# New Smoker a Must See !!



## div (Jan 31, 2010)

Born 820pm Jan 28th   Anya Marie

I will post the wifes facebook later when all the pictures get up there if anyone is interested in lookin....

First toy will either be a fisher price smoker or a bb gun :P


----------



## fire it up (Jan 31, 2010)

Congrats, cute kid. What a head full of hair!
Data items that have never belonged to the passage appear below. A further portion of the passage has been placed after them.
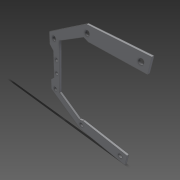
# Autodesk Inventor part: MuzzleHeadMount
Saved by Autodesk Inventor 2020 (Build 240168000, 168)
## iProperties
Created: 2021-07-18
Part Number: MuzzleHeadMount
Material: Generic
Document SubType Name: Sheet Metal
Designer: valer
Density: 1 g/cm^3
Sheet Metal Rule: Default
Appearance: Default
Author: valer
Autodesk Inventor part; units mm, degrees
ref_plane "YZ Plane" through (0, 0, 0) normal (1, 0, 0) x (0, 1, 0)
ref_plane "XZ Plane" through (0, 0, 0) normal (0, 1, 0) x (-1, 0, 0)
ref_plane "XY Plane" through (0, 0, 0) normal (0, 0, 1) x (1, 0, 0)
sketch "Sketch1" plane through (0, 0, 0) normal (0, 0, 1) x (1, 0, 0)
  circle A0 centre (0, 0) radius 3
  circle A1 centre (-6.2839, -68.2915) radius 2.875
  circle A2 centre (39.1052, -97.9753) radius 3
  circle A3 centre (99.0811, -103.4941) radius 3
  circle A4 centre (110.0198, 15.3837) radius 3
  circle A5 centre (50.0439, 20.9025) radius 3
  line L0 (-14.6913, -72.3521) -> (36.3914, -105.7594)
  line L1 (36.3914, -105.7594) -> (106.3144, -112.1934)
  line L2 (106.3144, -112.1934) -> (107.7805, -96.2608)
  line L3 (107.7805, -96.2608) -> (41.8191, -90.1913)
  line L4 (41.8191, -90.1913) -> (2.1235, -64.2309)
  line L5 (2.1235, -64.2309) -> (4.8244, -34.8788)
  line L6 (-178.2222, -18.0356) -> (255.5293, -57.9477) construction
  line L7 (-6.2839, -68.2915) -> (-3.142, -34.1457) construction
  line L8 (-6.2839, -68.2915) -> (39.1052, -97.9753) construction
  line L9 (39.1052, -97.9753) -> (99.0811, -103.4941) construction
  line L10 (-14.6913, -72.3521) -> (-11.1083, -33.4127)
  line L11 (4.8244, -34.8788) -> (-11.1083, -33.4127)
  line L12 (-7.5253, 5.5266) -> (48.7961, 29.0511)
  line L13 (48.7961, 29.0511) -> (118.7191, 22.617)
  line L14 (118.7191, 22.617) -> (117.2531, 6.6843)
  line L15 (117.2531, 6.6843) -> (51.2917, 12.7538)
  line L16 (51.2917, 12.7538) -> (7.5253, -5.5266)
  line L17 (7.5253, -5.5266) -> (4.8244, -34.8788)
  line L18 (-7.5253, 5.5266) -> (-11.1083, -33.4127)
  point P0 (0, 0)
  dimension "d0" = 8
  dimension "d1" = 8
  dimension "d2" = 8
  dimension "d3" = 8
  dimension "d4" = 8
  dimension "d5" = 8
  dimension "d6" = 8
  measures "d0" distance between parallel lines of L1 L9
  measures "d1" distance between parallel lines of L3 L9
  measures "d2" distance from line of L2 L9.end
  measures "d3" distance between parallel lines of L0 L8
  measures "d4" distance between parallel lines of L4 L8
  measures "d5" distance between parallel lines of L10 L7
  measures "d6" distance between parallel lines of L5 L7
extrude "Plate1" add sketch "Sketch1" along normal blind 3.048
sketch "Sketch2" plane through (0, 0, 3.048) normal (0, 0, 1) x (1, 0, 0)
  line L0 (-13.3312, -57.5708) -> (-6.8067, -52.1458)
  line L1 (-14.6913, -72.3521) -> (-7.5253, 5.5266) projected
  line L2 (7.5253, -5.5266) -> (2.1235, -64.2309) projected
  line L3 (-11.1083, -33.4127) -> (4.8244, -34.8788)
  line L4 (2.1235, -64.2309) -> (7.5253, -5.5266) projected
  line L5 (-6.8067, -52.1458) -> (-3.4604, -15.7791)
  line L6 (-3.4604, -15.7791) -> (-8.8854, -9.2546)
  point P0 (0, 0)
  point P1 (-5.1335, -33.9625)
  dimension "d8" = 45
  dimension "d9" = 45
  dimension "d10" = 6
  constraints: 8 end point, 3 midpoint, 3 point on line, 1 perpendicular
  measures "d8" angle of L1 L0
  measures "d9" angle of L1 L6
  measures "d10" distance between parallel lines of L1 L5
extrude "Cut1" cut sketch "Sketch2" against normal blind 3.048
sketch "Sketch3" plane through (0, 0, 3.048) normal (0, 0, 1) x (1, 0, 0)
  ellipse E0 centre (35.8905, -88.6417) end of major axis (36.1653, -85.6543) minor radius 2.9795 (33.3641, -87.0543) -> (38.664, -87.542) ccw projected
  ellipse E1 centre (45.1798, 12.3117) end of major axis (44.9049, 9.3243) minor radius 2.9795 (42.6535, 13.8991) -> (47.9534, 13.4114) ccw projected
  line L0 (41.8191, -90.1913) -> (107.7805, -96.2608) projected
  line L1 (41.8191, -90.1913) -> (35.3649, -91.8772)
  line L2 (35.3649, -91.8772) -> (1.6108, -69.8026)
  line L3 (7.5253, -5.5266) -> (2.1235, -64.2309) projected
  line L4 (1.6108, -69.8026) -> (2.1235, -64.2309)
  line L5 (2.1235, -64.2309) -> (41.8191, -90.1913) construction
  line L6 (-178.2222, -18.0356) -> (255.5293, -57.9477)
  line L7 (41.8191, -90.1913) -> (2.1235, -64.2309)
  line L8 (51.2917, 12.7538) -> (45.2535, 15.5893)
  line L9 (45.2535, 15.5893) -> (8.0379, 0.045)
  line L10 (8.0379, 0.045) -> (7.5253, -5.5266)
  line L11 (7.5253, -5.5266) -> (51.2917, 12.7538)
  point P0 (0, 0)
  constraints: 18 end point, 3 symmetric about line, 1 collinear, 1 parallel, 7 other
extrude "Cut2" cut sketch "Sketch3" against normal blind 3.048 contours L2 L4 L7 E0 | E0 L1 L2 | E0 L7 L1 | L11 L10 L9 L8
sketch "Sketch4" plane through (0, 0, 3.048) normal (0, 0, 1) x (1, 0, 0)
  line L0 (-3.4604, -15.7791) -> (-6.8067, -52.1458) projected
  line L1 (1.6108, -69.8026) -> (8.0379, 0.045) projected
  line L2 (-5.1335, -33.9625) -> (4.8244, -34.8788) construction
  line L3 (-0.1546, -34.4206) -> (-1.8277, -52.604) construction
  line L4 (-6.8067, -52.1458) -> (-3.4604, -15.7791) projected
  line L5 (-6.8067, -52.1458) -> (3.1512, -53.0621) construction
  circle A0 centre (-0.9912, -43.5123) radius 2.5
  circle A1 centre (0.682, -25.329) radius 2.5
  point P0 (0, 0)
  dimension "d15" = 5
  constraints: 6 end point, 5 midpoint, 2 centre point, 1 perpendicular, 1 point on line, 1 symmetric about line, 1 other
  measures "d15" diameter of A0
hole "Hole1" at (-0.9912, -43.5123, 3.048) at (0.682, -25.329, 3.048) direction (0, 0, -1) diameter 5 depth 3.048 tip angle 118
equation "\"d1\" = d0"
equation "\"d2\" = d0"
equation "\"d3\" = d0"
equation "\"d4\" = d0"
equation "\"d9\" = d8"
equation "\"d11\" = Thickness"
equation "\"d13\" = Thickness"
equation "\"d21\" = Thickness"
equation "\"d7\" = Thickness"
equation "\"BendRadius\" = Thickness"
equation "\"BendReliefWidth\" = Thickness"
equation "\"BendReliefDepth\" = 0.5 * Thickness"
equation "\"CornerReliefSize\" = 4 * Thickness"
equation "\"MinimumRemnant\" = 2 * Thickness"
equation "\"TransitionRadius\" = BendRadius"
equation "\"JacobiRadiusSize\" = BendRadius"
equation "\"GapSize\" = Thickness"
equation "\"Thickness\" = 3.048"
body "Solid1"
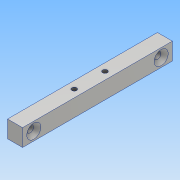
# Autodesk Inventor part: Pancake_Flexi Pipe Mount
Saved by Autodesk Inventor 2018.1 (Build 221171000, 171)
## iProperties
Created: 2019-02-26
Part Number: Pancake_Flexi Pipe Mount
Material: Aluminum 6061
Document SubType Name: Modeling
Designer: James
Density: 2.7 g/cm^3
Appearance: Aluminum - Flat
Author: James
Autodesk Inventor part; units mm, degrees
ref_plane "YZ Plane" through (0, 0, 0) normal (1, 0, 0) x (0, 1, 0)
ref_plane "XZ Plane" through (0, 0, 0) normal (0, 1, 0) x (-1, 0, 0)
ref_plane "XY Plane" through (0, 0, 0) normal (0, 0, 1) x (1, 0, 0)
sketch "Sketch1" plane through (0, 0, 0) normal (0, 0, 1) x (1, 0, 0)
  line L0 (0, 0) -> (10, 0)
  line L1 (10, 0) -> (10, 100)
  line L2 (10, 100) -> (0, 100)
  line L3 (0, 100) -> (0, 0)
  dimension "d0" = 10
  dimension "d1" = 100
  constraints: 8 end point, 2 parallel, 1 horizontal, 1 perpendicular
  measures "d0" distance of L0.start L0.end
  measures "d1" distance of L0.end L1.end
extrude "Extrusion1" add sketch "Sketch1" along normal blind 11.5
sketch "Sketch2" plane through (0, 0, 11.5) normal (0, 0, 1) x (1, 0, 0)
  line L0 (10, 100) -> (0, 100) projected
  line L1 (0, 0) -> (10, 0) projected
  point P0 (5, 39.5)
  point P1 (5, 60)
  point P2 (5, 100)
  dimension "d4" = 20.5
  dimension "d5" = 40
  dimension "d14" = 39.5
  dimension "d24" = 100
  constraints: 2 vertical alignment, 1 midpoint
  measures "d4" distance of point (5, 39.5) point (5, 60)
  measures "d5" distance from line of L0 point (5, 60)
  measures "d14" distance from line of L1 point (5, 39.5)
  measures "d24" distance between parallel lines of L1 L0
hole "Hole1" at (5, 39.5, 11.5) at (5, 60, 11.5) direction (0, 0, -1) diameter 3.242 end through all thread size "M4x0.7" class "6H" standard "ANSI Metric M Profile"
sketch "Sketch3" plane through (10, 0, 0) normal (1, 0, 0) x (0, 0, -1)
  line L0 (0, 100) -> (-11.5, 100) projected
  line L1 (0, 0) -> (-11.5, 0) projected
  point P0 (-5.75, 92.5)
  point P1 (-5.75, 7.5)
  point P2 (-5.75, 100)
  dimension "d15" = 7.5
  dimension "d16" = 7.5
  constraints: 2 vertical alignment, 1 midpoint
  measures "d15" distance from line of point (-5.75, 92.5) L0
  measures "d16" distance from line of L1 point (-5.75, 7.5)
hole "Hole2" at (10, 92.5, 5.75) at (10, 7.5, 5.75) direction (-1, 0, 0) diameter 4.5 end through all countersink diameter 9.4 countersink angle 90 clearance for "Flat Head Machine Screw" size "M4" standard "Ansi Metric M Profile"
equation "\"d16\" = d15"
body "Solid1"
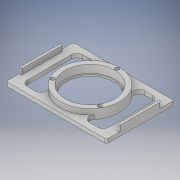
# Autodesk Inventor part: Sensor Halterung63
Saved by Autodesk Inventor 2017 (Build 210142000, 142)
## iProperties
Part Number: Sensor Halterung63
Material: Generisch
Document SubType Name: Modeling
Designer: Harald.Noeske
Density: 1 g/cm^3
Appearance: Vorgabe
Author: Harald.Noeske
Autodesk Inventor part; units mm, degrees
ref_plane "YZ Plane" through (0, 0, 0) normal (1, 0, 0) x (0, 1, 0)
ref_plane "XZ Plane" through (0, 0, 0) normal (0, 1, 0) x (-1, 0, 0)
ref_plane "XY Plane" through (0, 0, 0) normal (0, 0, 1) x (1, 0, 0)
sketch "Skizze1" plane through (0, 0, 0) normal (0, 0, 1) x (1, 0, 0)
  line L0 (0, 0) -> (127.5, 0)
  line L1 (127.5, 0) -> (127.5, -85.5)
  line L2 (127.5, -85.5) -> (0, -85.5)
  line L3 (0, -85.5) -> (0, 0)
  dimension "d0" = 127.5
  dimension "d1" = 85.5
  constraints: 8 end point, 2 parallel, 1 horizontal, 1 perpendicular
  measures "d0" distance of L1.end L2.end
  measures "d1" distance of L0.end L1.end
extrude "Extrusion1" add sketch "Skizze1" along normal blind 5
sketch "Skizze2" plane through (0, 0, 5) normal (0, 0, 1) x (1, 0, 0)
  line L0 (0, -16.25) -> (3, -16.25)
  line L1 (3, -16.25) -> (3, -69.25)
  line L2 (3, -69.25) -> (0, -69.25)
  line L3 (0, -69.25) -> (0, -16.25)
  line L4 (63.75, 42.9175) -> (63.75, -147.2432)
  line L5 (127.5, -85.5) -> (127.5, 0) projected
  line L6 (127.5, -16.25) -> (124.5, -16.25)
  line L7 (124.5, -16.25) -> (124.5, -69.25)
  line L8 (124.5, -69.25) -> (127.5, -69.25)
  line L9 (127.5, -69.25) -> (127.5, -16.25)
  point P0 (0, 0)
  dimension "d4" = 3
  dimension "d5" = 53
  dimension "d6" = 16.25
  dimension "d7" = 63.75
  constraints: 18 end point, 4 symmetric about line, 2 parallel, 1 horizontal, 1 perpendicular, 1 vertical
  measures "d4" distance of L1.end L2.end
  measures "d5" distance of L0.end L1.end
  measures "d6" distance of L0.start point (0, 0)
  measures "d7" distance between parallel lines of L4 L5
extrude "Extrusion2" add sketch "Skizze2" along normal blind 7
fillet "Rundung1" radius 2 4 edges at (0, 0, 2.5) (127.5, 0, 2.5) (127.5, -85.5, 2.5) (0, -85.5, 2.5)
fillet "Rundung2" radius 1.5 8 edges at (3, -69.25, 8.5) (0, -69.25, 8.5) (3, -16.25, 8.5) (0, -16.25, 8.5) (124.5, -16.25, 8.5) (127.5, -16.25, 8.5) (124.5, -69.25, 8.5) (127.5, -69.25, 8.5)
sketch "Skizze3" plane through (0, 0, 5) normal (0, 0, 1) x (1, 0, 0)
  circle A0 centre (63.75, -42.75) radius 30
  line L0 (0, -67.75) -> (0, -83.5) projected
  point P0 (0, 0)
  dimension "d12" = 60
  dimension "d13" = 63.75
  dimension "d14" = 42.75
  constraints: 1 centre point
  measures "d12" diameter of A0
  measures "d13" distance from line of A0.centre L0
  measures "d14" vertical distance of point (0, 0) A0.centre
extrude "Extrusion3" cut sketch "Skizze3" against normal blind 10
hole "Bohrung1" at (63.75, -42.75, 5) direction (0, 0, -1) diameter 63 depth 3
sketch "Skizze4" plane through (0, 0, 0) normal (0, 0, -1) x (-1, 0, 0)
  line L0 (-125.5, -85.5) -> (-2, -85.5) projected
  line L1 (0, -83.5) -> (0, -2) projected
  line L2 (-12, -77.75) -> (-50.2871, -77.75)
  line L3 (-50.2871, -7.75) -> (-12, -7.75)
  line L4 (-12, -7.75) -> (-12, -77.75)
  line L5 (-63.75, -42.75) -> (-63.75, -99.3052)
  line L6 (-115.5, -77.75) -> (-77.2129, -77.75)
  line L7 (-77.2129, -7.75) -> (-115.5, -7.75)
  line L8 (-115.5, -7.75) -> (-115.5, -77.75)
  arc A0 (-50.2871, -77.75) -> (-50.2871, -7.75) centre (-63.75, -42.75) ccw
  arc A1 (-77.2129, -7.75) -> (-77.2129, -77.75) centre (-63.75, -42.75) ccw
  arc A2 (-50.2871, -77.75) -> (-50.2871, -7.75) centre (-63.75, -42.75) ccw
  arc A3 (-77.2129, -7.75) -> (-77.2129, -77.75) centre (-63.75, -42.75) ccw
  point P0 (0, 0)
  dimension "d27" = 42.75
  dimension "d28" = 63.75
  dimension "d29" = 12
  dimension "d30" = 70
  dimension "d31" = 7.75
  constraints: 14 end point, 8 point on circle, 4 centre point, 4 symmetric about line, 1 horizontal, 1 parallel, 1 vertical
  measures "d27" distance from line of L0 L5.start
  measures "d28" distance from line of L5.start L1
  measures "d29" distance between parallel lines of L4 L1
  measures "d30" distance of L3.end L2.start
  measures "d31" distance between parallel lines of L0 L2
extrude "Extrusion4" cut sketch "Skizze4" against normal blind 10
fillet "Rundung3" radius 7 4 edges at (50.2871, -77.75, 2.5) (77.2129, -77.75, 2.5) (50.2871, -7.75, 2.5) (77.2129, -7.75, 2.5)
fillet "Rundung4" radius 7 4 edges at (12, -77.75, 2.5) (115.5, -77.75, 2.5) (12, -7.75, 2.5) (115.5, -7.75, 2.5)
sketch "Skizze5" plane through (0, 0, 5) normal (0, 0, 1) x (1, 0, 0)
  circle A0 centre (63.75, -42.75) radius 31.5
  circle A1 centre (63.75, -42.75) radius 37.5
  line L0 (125.5, 0) -> (2, 0) projected
  point P0 (0, 0)
  dimension "d36" = 63
  dimension "d37" = 75
  dimension "d38" = 42.75
  dimension "d39" = 63.75
  constraints: 2 centre point, 1 coincident
  measures "d36" diameter of A0
  measures "d37" diameter of A1
  measures "d38" distance from line of A0.centre L0
  measures "d39" horizontal distance of point (0, 0) A0.centre
extrude "Extrusion5" add sketch "Skizze5" along normal blind 7
sketch "Skizze6" plane through (63.75, -42.75, 12) normal (0, 0, 1) x (1, 0, 0)
  circle A0 centre (-0.0001, 34.5) radius 2.525
  circle A1 centre (0, 0) radius 31.5 projected
  point P0 (-63.75, 42.75)
  dimension "d42" = 5.05
  dimension "d43" = 34.5
  constraints: 1 centre point
  measures "d42" diameter of A0
  measures "d43" distance of A1.centre A0.centre
extrude "Extrusion6" cut sketch "Skizze6" against normal blind 2.1 contours A0
pattern_circular "Runde Anordnung1" count 3 over 360 about axis through (63.75, -42.75, 3.5) along (0, 0, 1) of "Extrusion6"
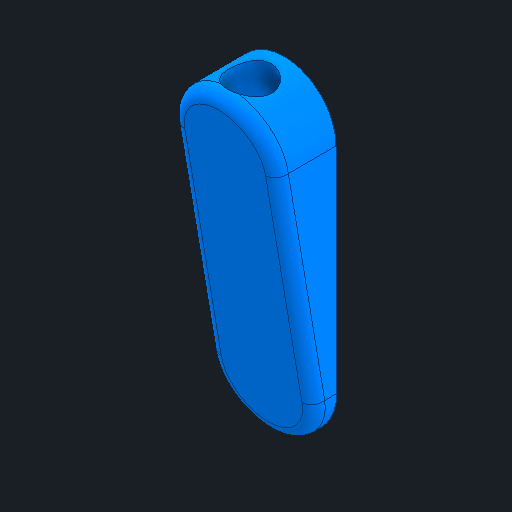
# Autodesk Inventor part: shaft_outlet
Saved by Autodesk Inventor 2023 (Build 270158030, 158C)
## iProperties
Created: 2022-03-28
Part Number: shaft_outlet
Material: Generic
Document SubType Name: Modeling
Designer: kardo
Density: 1 g/cm^3
Appearance: Blue Plastic
Author: kardo
Autodesk Inventor part; units mm, degrees
ref_plane "YZ Plane" through (0, 0, 0) normal (1, 0, 0) x (0, 1, 0)
ref_plane "XZ Plane" through (0, 0, 0) normal (0, 1, 0) x (-1, 0, 0)
ref_plane "XY Plane" through (0, 0, 0) normal (0, 0, 1) x (1, 0, 0)
derived "stencil_frame.ipt"
sketch "sk_drivetrain_profile" plane through (6, 0, 0) normal (1, 0, 0) x (0, 1, 0)
  line L0 (-547.3485, 0) -> (393.091, 0) construction
  line L1 (-363, 4666.1952) -> (-363, -2045.0469) construction
  line L2 (0, 4666.1952) -> (0, -2045.0469) construction
  line L3 (-140.6277, 54.4571) -> (-133.8539, 27.2888)
  line L4 (-395, 0) -> (-331.1194, 3.9071)
  line L5 (-137.2408, 40.8729) -> (-228.5101, 18.117)
  line L6 (-314.0499, 4.9511) -> (-270.6751, 7.604) construction
  line L7 (-270.6751, 7.604) -> (-228.5101, 18.117) construction
  line L8 (-133.8539, 27.2888) -> (-133.8539, 22.2888) construction
  line L9 (-331.1194, 3.9071) -> (-314.0499, 4.9511)
  line L10 (-1246.9714, 4491.7596) -> (383.4376, -2047.4538) construction
  spline S0 degree 2 poles (-314.0499, 4.9511) (-270.6751, 7.604) (-228.5101, 18.117) knots 1 1 1 2 2 2
  line L11 (-229.1821, 20.8126) -> (-137.9129, 43.5685) construction
  line L12 (-136.5687, 38.1773) -> (-227.838, 15.4214) construction
  line L13 (-229.1821, 20.8126) -> (-227.838, 15.4214) construction
  line L14 (0, 21.4767) -> (-254.1001, 20.7404) construction
  line L15 (-55.6943, 22.5153) -> (-309.842, 21.7788) construction
  point P0 (0, 0)
  point P1 (-217.5636, 20.8462)
  point P2 (-205.945, 20.8799)
  point P3 (-201.0754, 22.094)
sketch "sk_prop_shaft_cut" plane through (6, 0, 21.4767) normal (0, -0.0028978, 0.9999958) x (0, -0.9999958, -0.0028978)
  line L0 (229.1831, -4.7781) -> (201.0728, -4.7781)
  line L1 (229.1831, 4.7781) -> (201.0728, 4.7781)
  arc A0 (201.0728, 4.7781) -> (201.0728, -4.7781) centre (201.0728, 0) ccw
  arc A1 (229.1831, -4.7781) -> (229.1831, 4.7781) centre (229.1831, 0) ccw
  point P0 (0.0622, -6)
  point P1 (217.5645, 0)
  point P2 (205.9458, 0)
ref_plane "plane_motor_mount" through (0, -127.05, 0) normal (0, 0.9702957, 0.2419219) x (-1, 0, 0)
derived "parameters_powertrain.ipt"
derived "parameters_frame.ipt"
extrude "lower_plate" add sketch "sk_prop_shaft_cut" along normal blind 1.2
sketch "sk_upper_plate" plane through (6, -229.1856, 22.0126) normal (0, -0.0028978, 0.9999958) x (1, 0, 0)
  line L0 (-4.7781, 28.1103) -> (-4.7781, 0) projected
  arc A0 (-4.7781, 0) -> (4.7781, 0) centre (0, 0) ccw projected
  line L1 (4.7781, 0) -> (4.7781, 28.1103) projected
  arc A1 (4.7781, 28.1103) -> (-4.7781, 28.1103) centre (0, 28.1103) ccw projected
  line L2 (-6.7781, 0) -> (-6.7781, 28.1103)
  arc A2 (6.7781, 28.1103) -> (-6.7781, 28.1103) centre (0, 28.1103) ccw
  line L3 (6.7781, 28.1103) -> (6.7781, 0)
  arc A3 (-6.7781, 0) -> (6.7781, 0) centre (0, 0) ccw
  point P0 (-6, 229.1209)
  dimension "d6" = 2
  constraints: 4 end point, 4 point on circle, 2 centre point, 3 other
  measures "d6" distance between parallel lines of L2 L0
extrude "upper_plate" add sketch "sk_upper_plate" along normal blind 8.89 contours A1 L1 A0 L0 | L2 A2 L3 A3
sketch "sk_trim" plane through (12.7781, -229.1856, 22.0126) normal (1, 0, 0) x (0, 0.0028978, -0.9999958)
  line L0 (-1.9447, -6.7781) -> (-8.89, 34.8885)
  line L1 (0, 0) -> (0, -6.7781) projected
  line L2 (-8.89, 34.8885) -> (-8.89, 28.1103) projected
  line L3 (0, -6.7781) -> (-1.9447, -6.7781)
  line L4 (-1.9447, -6.7781) -> (-8.89, -6.7781)
  line L5 (-8.89, -6.7781) -> (-8.89, 28.1103)
  dimension "d16" = 1.9447
  constraints: 8 end point, 2 collinear, 1 perpendicular
  measures "d16" distance of L1.end L0.start
extrude "trim" cut sketch "sk_trim" against normal through all
sketch "sk_drill" plane through (0, -127.05, 0) normal (0, 0.9702957, 0.2419219) x (-1, 0, 0)
  circle A0 centre (-6, 42.1242) radius 2.7781
  point P0 (0, -30.7362)
  dimension "d9" = 5.5563
  constraints: 1 centre point, 1 coincident
  measures "d9" diameter of A0
extrude "drill" cut sketch "sk_drill" along normal through all both and the other way through all
fillet "Fillet1" radius 1.5 6 edges at (10.7929, -233.9851, 24.2743) (1.2071, -233.9851, 24.2743) (-0.7781, -215.1462, 27.4706) (10.7929, -196.3074, 30.6669) (1.2071, -196.3074, 30.6669) (12.7781, -215.1462, 27.4706)
equation "\"d4\" = shell_thickness"
equation "\"d7\" = 1.6 * prop_shaft_sleeve_od"
equation "\"d16\" = 0.35 * prop_shaft_sleeve_od"
equation "\"d9\" = prop_shaft_sleeve_od"
equation "\"shell_thickness\" = 1.2"
equation "\"prop_shaft_sleeve_od\" = 5.55625"
body "Solid1"

Do they really make tiny kid smokers?  If not you might have to get a set with a little grill and make some mods to it.


----------



## pineywoods (Jan 31, 2010)

Congrats to you and the wife


----------



## shooterrick (Jan 31, 2010)

Congrats to you and mom. Top shelf Ide say!


----------



## ronp (Jan 31, 2010)

Congrats!


----------



## rickw (Jan 31, 2010)

Congrats, that's very good news.


----------



## acemakr (Jan 31, 2010)

Adorable - congratulations.


----------



## denver dave (Jan 31, 2010)

Congratulations!!


----------



## chefrob (Jan 31, 2010)

very cool!!!!!!!!!


----------



## treegje (Jan 31, 2010)

Congrats to you and the wife

enjoy it


----------



## DanMcG (Jan 31, 2010)

Nice lookin kid Kev....you thought you didn't get sleep before, lookout.


----------



## the dude abides (Jan 31, 2010)

Congrats to you and the family!


----------



## biggeorge50 (Jan 31, 2010)

The miracle of a new life never ceases to amaze me.  I sure hope this country gets straightened out when she gets older.  I know it's not the purpose of the points system, but when a couple produce a new living being, they certainly deserve points.


----------



## scarbelly (Jan 31, 2010)

Congrats on the new cute one - Man he has a great head of hair!!


----------



## navyjeremy (Jan 31, 2010)

Congrats to you and the wife.  My youngest had hair about the same length when she was born.


----------



## desertlites (Jan 31, 2010)

To cool-Bravo


----------



## beer-b-q (Jan 31, 2010)

Congratulations...
	

	
	
		
		



		
		
	


	





Just think, 29 days earlier and you would have gotten a new smoker with a tax deduction...


----------



## yount (Jan 31, 2010)

Congrats to all of you


----------



## carpetride (Jan 31, 2010)

Congratulations!


----------



## werdwolf (Jan 31, 2010)

Congrats to you and the family.

Better to have Anya this year, the tax deduction will go one year more, and you know those taxes are only going up


----------



## fired up (Jan 31, 2010)

Grats man!
Yeah, my boy was born on January 6th lol just missed it.


----------



## mballi3011 (Jan 31, 2010)

One great big

CONGRATS 

You did a great job there Div and tell the wife we're happy for the two of you.


----------



## meateater (Jan 31, 2010)

Congrats, she's a cutie.


----------



## div (Feb 2, 2010)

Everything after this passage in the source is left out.